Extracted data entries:
####

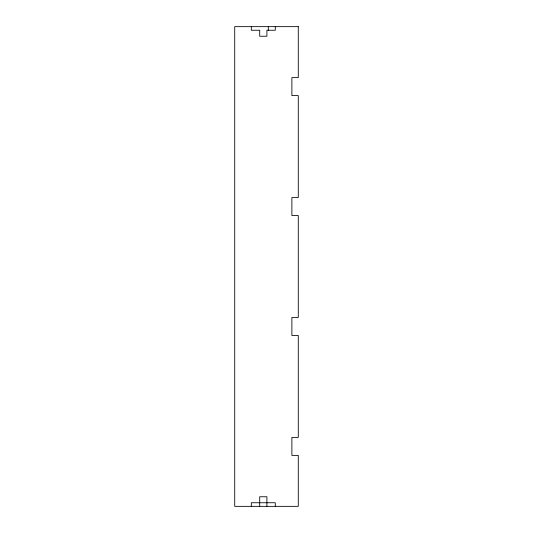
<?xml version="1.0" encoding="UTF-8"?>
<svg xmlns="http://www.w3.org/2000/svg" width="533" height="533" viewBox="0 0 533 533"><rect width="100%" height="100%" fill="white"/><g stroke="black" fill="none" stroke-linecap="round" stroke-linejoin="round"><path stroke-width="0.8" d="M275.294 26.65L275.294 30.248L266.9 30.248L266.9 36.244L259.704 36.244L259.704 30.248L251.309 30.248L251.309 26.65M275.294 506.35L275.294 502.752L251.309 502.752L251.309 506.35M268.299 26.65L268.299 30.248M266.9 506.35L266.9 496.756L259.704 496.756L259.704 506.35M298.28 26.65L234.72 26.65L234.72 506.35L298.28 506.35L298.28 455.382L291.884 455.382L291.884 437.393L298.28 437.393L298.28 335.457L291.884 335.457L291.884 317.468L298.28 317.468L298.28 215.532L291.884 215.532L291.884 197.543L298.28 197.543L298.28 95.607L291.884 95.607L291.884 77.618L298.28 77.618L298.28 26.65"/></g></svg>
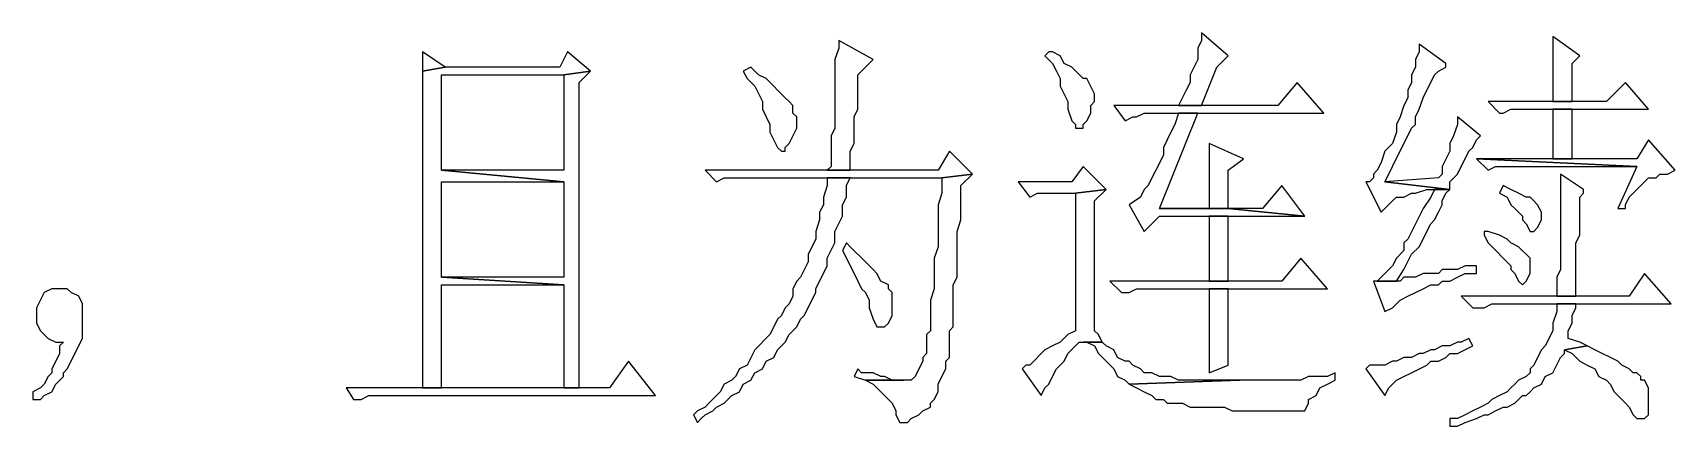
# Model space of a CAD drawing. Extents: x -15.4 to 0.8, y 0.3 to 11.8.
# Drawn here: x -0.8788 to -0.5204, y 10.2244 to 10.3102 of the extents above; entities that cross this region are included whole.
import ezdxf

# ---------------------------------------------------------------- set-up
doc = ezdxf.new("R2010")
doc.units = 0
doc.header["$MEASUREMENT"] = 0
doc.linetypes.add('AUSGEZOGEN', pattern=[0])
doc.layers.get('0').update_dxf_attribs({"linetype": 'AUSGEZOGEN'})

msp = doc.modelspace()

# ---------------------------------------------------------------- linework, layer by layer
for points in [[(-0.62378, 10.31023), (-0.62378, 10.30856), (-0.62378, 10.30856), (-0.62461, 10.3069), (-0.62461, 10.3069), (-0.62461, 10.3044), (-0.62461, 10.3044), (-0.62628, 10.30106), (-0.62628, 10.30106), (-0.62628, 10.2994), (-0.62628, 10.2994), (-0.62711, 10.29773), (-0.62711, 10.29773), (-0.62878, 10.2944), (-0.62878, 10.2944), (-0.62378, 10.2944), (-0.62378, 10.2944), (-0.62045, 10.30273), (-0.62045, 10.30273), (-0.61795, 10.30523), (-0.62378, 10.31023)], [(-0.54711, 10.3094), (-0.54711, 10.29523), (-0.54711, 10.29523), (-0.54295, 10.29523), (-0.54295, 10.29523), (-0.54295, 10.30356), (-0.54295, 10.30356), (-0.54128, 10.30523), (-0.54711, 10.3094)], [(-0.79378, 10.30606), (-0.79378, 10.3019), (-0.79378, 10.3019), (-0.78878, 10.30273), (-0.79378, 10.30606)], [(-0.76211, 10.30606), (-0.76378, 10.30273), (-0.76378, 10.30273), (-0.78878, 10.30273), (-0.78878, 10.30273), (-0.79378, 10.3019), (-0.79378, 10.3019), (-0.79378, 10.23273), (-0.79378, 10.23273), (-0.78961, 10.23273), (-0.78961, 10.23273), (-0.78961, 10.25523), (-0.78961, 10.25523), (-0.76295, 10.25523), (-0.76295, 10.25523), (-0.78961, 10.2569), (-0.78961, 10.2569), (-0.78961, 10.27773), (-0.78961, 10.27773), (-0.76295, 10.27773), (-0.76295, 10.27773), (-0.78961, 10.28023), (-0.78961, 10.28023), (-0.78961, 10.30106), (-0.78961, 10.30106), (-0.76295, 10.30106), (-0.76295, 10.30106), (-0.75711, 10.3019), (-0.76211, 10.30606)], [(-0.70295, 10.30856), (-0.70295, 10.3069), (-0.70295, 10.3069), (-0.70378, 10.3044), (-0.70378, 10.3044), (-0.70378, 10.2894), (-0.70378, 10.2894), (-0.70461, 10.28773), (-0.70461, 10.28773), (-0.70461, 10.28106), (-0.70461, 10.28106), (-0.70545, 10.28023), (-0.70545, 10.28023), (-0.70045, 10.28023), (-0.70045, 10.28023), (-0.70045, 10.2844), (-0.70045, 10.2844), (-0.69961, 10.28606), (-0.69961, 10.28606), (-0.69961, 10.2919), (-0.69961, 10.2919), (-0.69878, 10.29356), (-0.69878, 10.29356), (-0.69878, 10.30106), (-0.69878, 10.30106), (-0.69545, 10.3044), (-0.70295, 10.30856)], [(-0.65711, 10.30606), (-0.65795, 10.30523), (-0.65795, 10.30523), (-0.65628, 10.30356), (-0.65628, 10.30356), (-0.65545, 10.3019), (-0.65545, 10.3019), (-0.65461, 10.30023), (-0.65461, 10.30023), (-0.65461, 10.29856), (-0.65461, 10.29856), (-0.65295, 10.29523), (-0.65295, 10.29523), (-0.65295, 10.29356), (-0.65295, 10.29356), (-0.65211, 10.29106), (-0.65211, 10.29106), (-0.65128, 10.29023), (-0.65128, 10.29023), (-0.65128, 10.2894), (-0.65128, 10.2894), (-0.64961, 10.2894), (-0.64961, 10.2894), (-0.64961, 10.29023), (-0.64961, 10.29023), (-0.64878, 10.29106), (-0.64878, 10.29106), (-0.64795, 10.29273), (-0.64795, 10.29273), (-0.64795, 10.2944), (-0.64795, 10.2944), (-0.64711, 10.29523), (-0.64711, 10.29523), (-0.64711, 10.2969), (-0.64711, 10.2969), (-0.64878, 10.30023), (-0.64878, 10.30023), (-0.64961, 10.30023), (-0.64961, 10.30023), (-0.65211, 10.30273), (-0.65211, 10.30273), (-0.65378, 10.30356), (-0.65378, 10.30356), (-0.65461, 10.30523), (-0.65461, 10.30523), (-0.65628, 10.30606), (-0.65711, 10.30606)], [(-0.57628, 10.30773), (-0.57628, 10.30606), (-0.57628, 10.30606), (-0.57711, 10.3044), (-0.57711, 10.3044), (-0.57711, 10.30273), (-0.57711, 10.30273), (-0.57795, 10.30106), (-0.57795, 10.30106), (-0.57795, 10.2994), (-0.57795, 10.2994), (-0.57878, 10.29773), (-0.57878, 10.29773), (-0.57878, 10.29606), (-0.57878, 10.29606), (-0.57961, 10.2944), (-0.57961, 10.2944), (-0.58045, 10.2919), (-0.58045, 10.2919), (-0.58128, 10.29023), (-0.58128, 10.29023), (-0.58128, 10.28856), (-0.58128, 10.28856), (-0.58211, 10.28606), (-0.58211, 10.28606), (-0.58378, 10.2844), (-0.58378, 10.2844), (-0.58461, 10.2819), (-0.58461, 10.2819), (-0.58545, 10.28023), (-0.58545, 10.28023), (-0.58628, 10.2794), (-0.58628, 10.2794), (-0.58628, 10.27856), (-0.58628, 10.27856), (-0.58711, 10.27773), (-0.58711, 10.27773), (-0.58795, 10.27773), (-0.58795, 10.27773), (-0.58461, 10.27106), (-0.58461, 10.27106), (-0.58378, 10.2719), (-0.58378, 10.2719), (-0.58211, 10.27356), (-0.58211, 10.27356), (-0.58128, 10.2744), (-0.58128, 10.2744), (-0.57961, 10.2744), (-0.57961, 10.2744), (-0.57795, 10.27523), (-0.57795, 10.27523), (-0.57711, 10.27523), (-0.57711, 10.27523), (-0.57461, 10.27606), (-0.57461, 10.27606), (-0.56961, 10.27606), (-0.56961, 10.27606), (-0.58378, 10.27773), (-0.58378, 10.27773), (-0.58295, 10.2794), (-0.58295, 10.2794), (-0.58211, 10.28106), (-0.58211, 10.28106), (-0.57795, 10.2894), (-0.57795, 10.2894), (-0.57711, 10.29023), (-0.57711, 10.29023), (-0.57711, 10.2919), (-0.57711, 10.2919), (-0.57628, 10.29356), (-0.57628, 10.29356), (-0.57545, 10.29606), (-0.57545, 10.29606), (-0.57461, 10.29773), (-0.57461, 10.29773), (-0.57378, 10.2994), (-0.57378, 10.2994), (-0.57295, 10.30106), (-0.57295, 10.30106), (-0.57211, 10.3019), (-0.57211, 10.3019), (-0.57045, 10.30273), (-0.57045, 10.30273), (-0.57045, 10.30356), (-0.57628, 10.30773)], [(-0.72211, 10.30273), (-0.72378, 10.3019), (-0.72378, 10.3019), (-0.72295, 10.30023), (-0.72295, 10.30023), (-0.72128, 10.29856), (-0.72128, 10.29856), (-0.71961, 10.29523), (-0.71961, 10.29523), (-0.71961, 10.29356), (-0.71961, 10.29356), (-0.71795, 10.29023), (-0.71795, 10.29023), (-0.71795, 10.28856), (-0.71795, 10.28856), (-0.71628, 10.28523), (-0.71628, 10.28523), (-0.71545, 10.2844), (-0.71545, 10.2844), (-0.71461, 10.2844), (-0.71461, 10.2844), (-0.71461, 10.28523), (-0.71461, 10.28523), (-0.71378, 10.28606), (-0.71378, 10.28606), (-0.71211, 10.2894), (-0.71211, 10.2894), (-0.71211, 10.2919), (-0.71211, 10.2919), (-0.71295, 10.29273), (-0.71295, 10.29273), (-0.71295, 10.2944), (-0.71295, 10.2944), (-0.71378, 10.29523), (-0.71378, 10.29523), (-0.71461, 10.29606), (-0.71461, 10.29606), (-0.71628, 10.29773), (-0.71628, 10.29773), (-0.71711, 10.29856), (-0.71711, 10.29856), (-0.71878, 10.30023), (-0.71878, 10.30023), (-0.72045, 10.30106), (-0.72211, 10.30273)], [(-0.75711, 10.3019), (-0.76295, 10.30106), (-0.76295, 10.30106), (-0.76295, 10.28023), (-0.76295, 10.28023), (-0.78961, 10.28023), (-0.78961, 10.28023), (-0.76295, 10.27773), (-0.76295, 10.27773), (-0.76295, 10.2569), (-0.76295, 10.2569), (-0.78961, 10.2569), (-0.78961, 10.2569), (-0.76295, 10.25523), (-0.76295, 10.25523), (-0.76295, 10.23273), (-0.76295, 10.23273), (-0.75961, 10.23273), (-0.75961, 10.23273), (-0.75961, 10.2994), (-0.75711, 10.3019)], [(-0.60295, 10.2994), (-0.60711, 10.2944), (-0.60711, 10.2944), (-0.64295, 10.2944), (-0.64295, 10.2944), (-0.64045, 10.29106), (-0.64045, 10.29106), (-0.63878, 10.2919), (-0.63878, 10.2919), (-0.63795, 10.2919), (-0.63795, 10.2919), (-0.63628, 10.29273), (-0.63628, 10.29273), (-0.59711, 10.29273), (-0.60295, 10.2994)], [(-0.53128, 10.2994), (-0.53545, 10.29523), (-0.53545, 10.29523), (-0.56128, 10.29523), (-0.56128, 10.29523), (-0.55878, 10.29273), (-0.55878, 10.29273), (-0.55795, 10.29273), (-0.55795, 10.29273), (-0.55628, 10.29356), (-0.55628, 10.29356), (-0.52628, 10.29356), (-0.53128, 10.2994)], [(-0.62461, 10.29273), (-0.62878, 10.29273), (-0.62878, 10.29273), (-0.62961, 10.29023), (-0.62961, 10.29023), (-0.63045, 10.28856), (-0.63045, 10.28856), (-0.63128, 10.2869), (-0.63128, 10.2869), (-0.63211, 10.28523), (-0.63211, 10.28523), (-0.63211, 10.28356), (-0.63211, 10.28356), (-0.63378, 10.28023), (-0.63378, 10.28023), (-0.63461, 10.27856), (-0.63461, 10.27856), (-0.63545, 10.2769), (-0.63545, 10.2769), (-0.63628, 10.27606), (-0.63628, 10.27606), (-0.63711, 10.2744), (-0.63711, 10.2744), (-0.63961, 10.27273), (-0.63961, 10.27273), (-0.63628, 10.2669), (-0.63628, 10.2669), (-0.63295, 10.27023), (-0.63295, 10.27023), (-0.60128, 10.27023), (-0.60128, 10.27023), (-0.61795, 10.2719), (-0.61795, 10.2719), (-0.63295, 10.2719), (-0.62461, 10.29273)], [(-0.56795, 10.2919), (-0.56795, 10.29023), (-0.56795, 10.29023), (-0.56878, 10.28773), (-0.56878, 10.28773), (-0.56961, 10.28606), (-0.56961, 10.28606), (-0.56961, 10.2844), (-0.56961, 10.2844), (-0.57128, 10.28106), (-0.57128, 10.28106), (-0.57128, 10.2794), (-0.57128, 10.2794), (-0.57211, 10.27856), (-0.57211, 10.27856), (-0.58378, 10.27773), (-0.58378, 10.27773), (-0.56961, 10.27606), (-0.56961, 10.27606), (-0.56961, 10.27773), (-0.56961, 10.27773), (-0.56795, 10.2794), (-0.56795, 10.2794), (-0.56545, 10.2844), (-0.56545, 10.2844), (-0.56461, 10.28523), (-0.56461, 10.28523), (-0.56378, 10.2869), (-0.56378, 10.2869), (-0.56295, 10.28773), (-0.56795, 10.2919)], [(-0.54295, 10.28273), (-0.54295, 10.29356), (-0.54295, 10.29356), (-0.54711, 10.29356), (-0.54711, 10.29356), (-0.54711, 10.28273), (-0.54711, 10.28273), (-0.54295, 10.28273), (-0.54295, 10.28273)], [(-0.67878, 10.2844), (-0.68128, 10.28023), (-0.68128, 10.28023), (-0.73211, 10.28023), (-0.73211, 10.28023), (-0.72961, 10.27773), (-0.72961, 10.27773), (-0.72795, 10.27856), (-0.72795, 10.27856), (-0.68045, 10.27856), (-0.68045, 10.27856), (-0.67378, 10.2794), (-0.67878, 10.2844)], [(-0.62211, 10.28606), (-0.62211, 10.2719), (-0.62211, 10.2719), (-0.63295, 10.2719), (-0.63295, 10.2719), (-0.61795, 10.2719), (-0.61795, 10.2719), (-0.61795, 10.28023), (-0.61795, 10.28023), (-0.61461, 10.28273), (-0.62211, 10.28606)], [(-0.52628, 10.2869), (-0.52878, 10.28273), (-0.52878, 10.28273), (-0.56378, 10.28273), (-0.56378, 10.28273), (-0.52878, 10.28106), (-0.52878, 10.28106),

####

• [Goal of the exercise]
Review the preceding data and report every line that includes the string "AUSGEZOGEN".

• [Answer box]
doc.linetypes.add('AUSGEZOGEN', pattern=[0])
doc.layers.get('0').update_dxf_attribs({"linetype": 'AUSGEZOGEN'})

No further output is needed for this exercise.